The required output is the lines below from the line containing "To Workspace psi : ToWorkspace" to the line containing "Saturacao de Referencia de Angulo/1 ->", inclusive, retyped exactly. No other lines belong in it.

Stored records:
*-*-*

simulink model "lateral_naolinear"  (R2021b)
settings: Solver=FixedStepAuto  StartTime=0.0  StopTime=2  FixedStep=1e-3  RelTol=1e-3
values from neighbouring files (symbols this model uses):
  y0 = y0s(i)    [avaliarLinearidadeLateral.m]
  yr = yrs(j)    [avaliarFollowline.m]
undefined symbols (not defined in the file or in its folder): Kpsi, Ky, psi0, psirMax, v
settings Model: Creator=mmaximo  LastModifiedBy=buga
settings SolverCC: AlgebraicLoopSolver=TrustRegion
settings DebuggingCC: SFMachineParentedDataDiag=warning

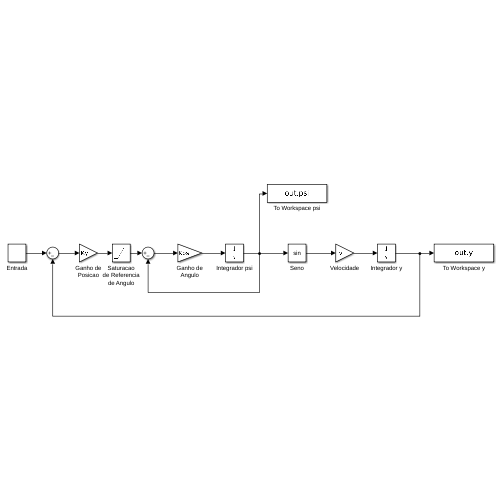
[thumbnail: Simulink's stored preview of the top-level diagram]
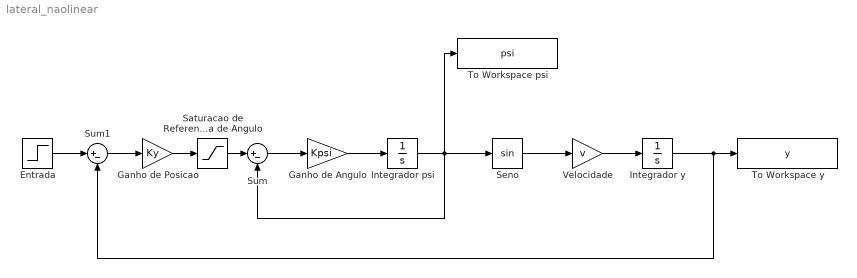
== system lateral_naolinear ==
  Entrada : Step  Time=0  After=yr  SampleTime=0
  Ganho de Angulo : Gain  Gain=Kpsi
  Ganho de Posicao : Gain  Gain=Ky
  Integrador psi : Integrator  InitialCondition=psi0
  Integrador y : Integrator  InitialCondition=y0
  Saturacao de Referencia de Angulo : Saturate  UpperLimit=psirMax  LowerLimit=-psirMax
  Seno : Trigonometry
  Sum : Sum  Inputs=|+-
  Sum1 : Sum  Inputs=|+-
  To Workspace psi : ToWorkspace  VariableName=psi  SaveFormat=Structure With Time  SampleTime=-1
  To Workspace y : ToWorkspace  VariableName=y  SaveFormat=Structure With Time  SampleTime=-1
  Velocidade : Gain  Gain=v
  wires:
  Entrada/1 -> Sum1/1
  Sum1/1 -> Ganho de Posicao/1
  Sum/1 -> Ganho de Angulo/1
  Ganho de Angulo/1 -> Integrador psi/1
  Seno/1 -> Velocidade/1
  Velocidade/1 -> Integrador y/1
  Integrador y/1 -> Sum1/2, To Workspace y/1
  Ganho de Posicao/1 -> Saturacao de Referencia de Angulo/1
  Saturacao de Referencia de Angulo/1 -> Sum/1
  Integrador psi/1 -> Sum/2, To Workspace psi/1, Seno/1

*-*-*

• [SOLVED PROBLEM]:
  To Workspace psi : ToWorkspace  VariableName=psi  SaveFormat=Structure With Time  SampleTime=-1
  To Workspace y : ToWorkspace  VariableName=y  SaveFormat=Structure With Time  SampleTime=-1
  Velocidade : Gain  Gain=v
  wires:
  Entrada/1 -> Sum1/1
  Sum1/1 -> Ganho de Posicao/1
  Sum/1 -> Ganho de Angulo/1
  Ganho de Angulo/1 -> Integrador psi/1
  Seno/1 -> Velocidade/1
  Velocidade/1 -> Integrador y/1
  Integrador y/1 -> Sum1/2, To Workspace y/1
  Ganho de Posicao/1 -> Saturacao de Referencia de Angulo/1
  Saturacao de Referencia de Angulo/1 -> Sum/1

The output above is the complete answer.